En Cien años de soledad Gabriel García Márquez desparramó algunas actitudes frente al arte literario. Se pueden encontrar opiniones sobre la literatura en general y sobre los versos en particular.
 

1. Opiniones sobre la literatura

El quehacer literario está representado en el erudito sabio catalán y en el lector empedernido Aureliano Babilonia. En torno a estos dos personajes surgen opiniones dispares sobre la literatura como profesión o pasatiempo; opiniones que reflejan la actitud que se puede tener hacia ella en tal o cual momento de la vida; actitudes que se pueden resumir en la polaridad apego-desprecio, refugio del espíritu humano, refugio siempre frágil y en definitiva insatisfactorio.

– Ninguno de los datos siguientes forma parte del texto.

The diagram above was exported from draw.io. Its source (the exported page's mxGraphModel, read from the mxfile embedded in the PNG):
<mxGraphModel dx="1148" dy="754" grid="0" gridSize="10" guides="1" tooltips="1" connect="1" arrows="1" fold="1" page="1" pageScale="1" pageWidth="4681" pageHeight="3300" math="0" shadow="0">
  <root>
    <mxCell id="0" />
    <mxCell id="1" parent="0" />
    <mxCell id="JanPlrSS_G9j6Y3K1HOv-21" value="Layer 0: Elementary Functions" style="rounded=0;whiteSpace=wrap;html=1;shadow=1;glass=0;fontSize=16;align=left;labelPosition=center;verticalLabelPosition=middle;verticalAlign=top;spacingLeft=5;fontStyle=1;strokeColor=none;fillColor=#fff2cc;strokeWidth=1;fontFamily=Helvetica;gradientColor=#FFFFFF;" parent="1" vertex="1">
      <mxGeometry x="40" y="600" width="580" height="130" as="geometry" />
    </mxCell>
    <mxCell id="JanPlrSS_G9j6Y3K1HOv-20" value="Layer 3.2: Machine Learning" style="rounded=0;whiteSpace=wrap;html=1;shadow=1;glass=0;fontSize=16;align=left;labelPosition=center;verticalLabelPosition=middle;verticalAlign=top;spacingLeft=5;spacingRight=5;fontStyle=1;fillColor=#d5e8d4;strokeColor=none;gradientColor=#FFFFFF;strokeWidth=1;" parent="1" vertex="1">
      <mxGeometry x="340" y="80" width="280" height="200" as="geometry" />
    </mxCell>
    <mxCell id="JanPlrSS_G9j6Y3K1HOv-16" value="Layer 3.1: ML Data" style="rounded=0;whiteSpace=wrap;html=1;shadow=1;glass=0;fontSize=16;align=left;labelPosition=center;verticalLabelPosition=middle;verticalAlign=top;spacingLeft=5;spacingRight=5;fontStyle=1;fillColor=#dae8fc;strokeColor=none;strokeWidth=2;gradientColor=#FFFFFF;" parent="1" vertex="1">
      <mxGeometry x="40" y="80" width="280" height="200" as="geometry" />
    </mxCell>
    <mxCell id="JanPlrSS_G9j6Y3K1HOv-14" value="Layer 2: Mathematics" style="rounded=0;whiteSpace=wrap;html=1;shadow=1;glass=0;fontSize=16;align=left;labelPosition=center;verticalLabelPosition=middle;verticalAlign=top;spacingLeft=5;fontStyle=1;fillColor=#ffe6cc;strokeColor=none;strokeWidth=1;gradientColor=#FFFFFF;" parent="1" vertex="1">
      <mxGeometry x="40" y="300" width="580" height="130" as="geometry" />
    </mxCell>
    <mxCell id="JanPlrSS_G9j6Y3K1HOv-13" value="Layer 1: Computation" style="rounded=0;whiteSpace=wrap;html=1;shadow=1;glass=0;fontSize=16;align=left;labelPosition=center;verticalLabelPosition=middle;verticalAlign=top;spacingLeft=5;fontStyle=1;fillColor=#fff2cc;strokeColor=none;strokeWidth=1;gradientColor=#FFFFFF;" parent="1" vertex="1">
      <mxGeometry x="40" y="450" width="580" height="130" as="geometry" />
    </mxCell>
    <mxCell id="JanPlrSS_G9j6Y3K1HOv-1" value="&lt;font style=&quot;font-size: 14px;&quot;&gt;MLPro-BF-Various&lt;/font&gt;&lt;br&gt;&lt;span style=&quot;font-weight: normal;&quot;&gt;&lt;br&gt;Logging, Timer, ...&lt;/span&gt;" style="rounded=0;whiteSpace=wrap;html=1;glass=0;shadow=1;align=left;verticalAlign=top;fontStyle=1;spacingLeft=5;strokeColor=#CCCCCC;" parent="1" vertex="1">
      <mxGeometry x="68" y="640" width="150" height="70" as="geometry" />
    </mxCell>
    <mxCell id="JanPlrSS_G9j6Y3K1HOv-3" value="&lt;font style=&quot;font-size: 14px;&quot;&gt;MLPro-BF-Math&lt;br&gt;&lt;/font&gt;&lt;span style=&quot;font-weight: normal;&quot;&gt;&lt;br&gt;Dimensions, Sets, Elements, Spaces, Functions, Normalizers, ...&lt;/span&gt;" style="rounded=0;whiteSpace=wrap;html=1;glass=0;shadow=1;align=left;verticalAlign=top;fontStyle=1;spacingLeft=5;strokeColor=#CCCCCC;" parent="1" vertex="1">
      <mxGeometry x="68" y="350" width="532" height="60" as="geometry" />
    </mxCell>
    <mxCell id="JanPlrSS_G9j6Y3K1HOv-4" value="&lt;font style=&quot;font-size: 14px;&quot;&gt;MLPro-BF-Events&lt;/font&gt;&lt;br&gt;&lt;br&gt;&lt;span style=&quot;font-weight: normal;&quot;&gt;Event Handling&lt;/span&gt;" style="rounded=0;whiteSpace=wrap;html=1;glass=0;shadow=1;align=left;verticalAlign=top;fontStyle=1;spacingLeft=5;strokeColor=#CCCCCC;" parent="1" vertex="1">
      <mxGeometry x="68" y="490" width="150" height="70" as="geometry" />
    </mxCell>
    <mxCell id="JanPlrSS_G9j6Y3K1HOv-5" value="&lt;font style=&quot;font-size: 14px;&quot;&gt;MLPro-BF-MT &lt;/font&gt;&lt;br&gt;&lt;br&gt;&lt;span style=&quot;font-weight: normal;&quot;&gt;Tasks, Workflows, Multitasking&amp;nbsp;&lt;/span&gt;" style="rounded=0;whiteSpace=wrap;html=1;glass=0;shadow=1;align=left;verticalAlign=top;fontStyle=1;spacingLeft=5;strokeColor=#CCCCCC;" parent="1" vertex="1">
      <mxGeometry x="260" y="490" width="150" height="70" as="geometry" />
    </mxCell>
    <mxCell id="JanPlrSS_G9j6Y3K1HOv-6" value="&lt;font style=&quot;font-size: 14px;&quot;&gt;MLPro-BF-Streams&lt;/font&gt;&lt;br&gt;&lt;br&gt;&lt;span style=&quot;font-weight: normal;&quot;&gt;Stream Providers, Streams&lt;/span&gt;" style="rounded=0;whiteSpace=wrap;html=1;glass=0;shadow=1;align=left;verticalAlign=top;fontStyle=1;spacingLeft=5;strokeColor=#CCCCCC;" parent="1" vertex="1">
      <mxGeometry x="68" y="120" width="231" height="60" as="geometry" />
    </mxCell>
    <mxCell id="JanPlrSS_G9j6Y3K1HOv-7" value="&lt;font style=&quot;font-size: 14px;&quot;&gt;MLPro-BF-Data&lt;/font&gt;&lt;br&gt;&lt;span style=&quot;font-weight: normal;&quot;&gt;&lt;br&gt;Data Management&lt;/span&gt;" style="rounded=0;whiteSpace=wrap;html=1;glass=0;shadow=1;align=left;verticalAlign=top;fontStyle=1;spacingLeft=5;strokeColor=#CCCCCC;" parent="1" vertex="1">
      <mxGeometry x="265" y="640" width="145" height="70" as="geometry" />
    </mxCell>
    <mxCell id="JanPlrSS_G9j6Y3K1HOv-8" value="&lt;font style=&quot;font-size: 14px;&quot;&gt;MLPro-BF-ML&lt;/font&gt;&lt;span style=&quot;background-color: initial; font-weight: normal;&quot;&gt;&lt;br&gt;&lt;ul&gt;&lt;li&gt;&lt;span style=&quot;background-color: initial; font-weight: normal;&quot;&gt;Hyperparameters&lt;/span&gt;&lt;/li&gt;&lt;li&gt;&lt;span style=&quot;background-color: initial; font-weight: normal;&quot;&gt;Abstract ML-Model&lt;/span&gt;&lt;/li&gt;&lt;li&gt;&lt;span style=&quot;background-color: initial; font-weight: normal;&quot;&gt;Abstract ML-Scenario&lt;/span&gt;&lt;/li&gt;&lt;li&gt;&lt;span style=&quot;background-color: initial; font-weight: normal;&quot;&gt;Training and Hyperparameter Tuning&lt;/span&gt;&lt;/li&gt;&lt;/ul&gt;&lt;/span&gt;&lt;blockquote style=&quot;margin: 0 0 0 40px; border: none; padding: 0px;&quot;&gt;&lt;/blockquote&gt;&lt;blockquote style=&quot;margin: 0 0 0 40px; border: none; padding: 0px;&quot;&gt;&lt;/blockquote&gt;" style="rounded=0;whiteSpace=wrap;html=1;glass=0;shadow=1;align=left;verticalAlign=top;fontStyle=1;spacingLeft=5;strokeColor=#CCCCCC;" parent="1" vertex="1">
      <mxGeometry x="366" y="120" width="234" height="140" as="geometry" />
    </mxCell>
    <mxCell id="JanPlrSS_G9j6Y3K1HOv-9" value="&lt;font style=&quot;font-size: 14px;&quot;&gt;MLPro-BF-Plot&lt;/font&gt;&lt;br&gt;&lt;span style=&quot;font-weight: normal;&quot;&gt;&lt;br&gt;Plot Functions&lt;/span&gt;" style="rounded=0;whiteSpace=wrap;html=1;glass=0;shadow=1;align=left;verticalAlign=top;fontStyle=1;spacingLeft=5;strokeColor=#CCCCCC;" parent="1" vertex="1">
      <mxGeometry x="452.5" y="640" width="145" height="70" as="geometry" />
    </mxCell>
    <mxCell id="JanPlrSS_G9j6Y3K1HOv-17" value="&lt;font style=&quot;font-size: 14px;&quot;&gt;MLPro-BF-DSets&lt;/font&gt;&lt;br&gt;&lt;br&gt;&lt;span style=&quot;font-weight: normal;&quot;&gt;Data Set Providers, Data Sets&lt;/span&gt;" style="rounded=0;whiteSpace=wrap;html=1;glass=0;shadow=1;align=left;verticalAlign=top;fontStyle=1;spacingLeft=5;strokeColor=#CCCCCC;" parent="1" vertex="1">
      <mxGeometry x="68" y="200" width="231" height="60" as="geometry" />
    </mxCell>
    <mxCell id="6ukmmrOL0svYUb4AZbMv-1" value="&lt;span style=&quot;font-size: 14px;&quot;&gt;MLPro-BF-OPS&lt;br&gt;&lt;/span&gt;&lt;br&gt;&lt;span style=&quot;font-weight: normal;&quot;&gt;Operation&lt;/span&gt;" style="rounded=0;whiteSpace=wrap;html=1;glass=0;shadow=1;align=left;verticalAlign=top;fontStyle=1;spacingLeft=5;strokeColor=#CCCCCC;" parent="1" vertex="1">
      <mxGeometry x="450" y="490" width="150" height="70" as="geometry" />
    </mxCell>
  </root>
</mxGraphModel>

    En el callejón que terminaba en el río, un sabio catalán tenía (en Macondo) una tienda de libros raros (pp. 302, 310) 1Era un abigarrado y sombrío local donde apenas había espacio para moverse. Más que una librería,
 
 

Aquella parecía un basurero de libros usados, puestos en desorden en los estantes mellados por el camején, en los rincones amelazados de telaraña, y aun en los espacios que debieron destinarse a los pasadizos. En una larga mesa, también agobiada de mamotretos, el propietario escribía una prosa incansable, con una caligrafía morada, un poco delirante, y en hojas sueltas de cuaderno escolar. Tenía una hermosa cabellera plateada que se le adelantaba en la frente como el penacho de una cacatúa, y sus ojos azules, vivos y estrechos, revelaban la mansedumbre del hombre que ha leído todos los libros. (310).       La mansedumbre es producida, entre otras causas, según lo anterior, por la lectura asidua y perseverante del erudito. Tal vez por ser una actividad puramente espiritual; o tal vez por el hecho de que el estudio hace al erudito más conocedor del mundo y del corazón humano. Y eso lo vuelve manso, comprensivo, tolerante, condescendiente. De hecho, el sabio catalán fue muy afable con Aureliano Babilonia y sus cuatro amigos. Cuando Aureliano Babilonia fue a comprar el SANSKRIT PRIMER, en cinco tomos, el sabio catalán, después de asombrarse, se los entregó sin cobrarle nada:
 
Llévatelos –dijo en castellano -. El último hombre que leyó esos libros debió ser Isaac el Ciego, así que piensa bien lo que haces. (p. 310).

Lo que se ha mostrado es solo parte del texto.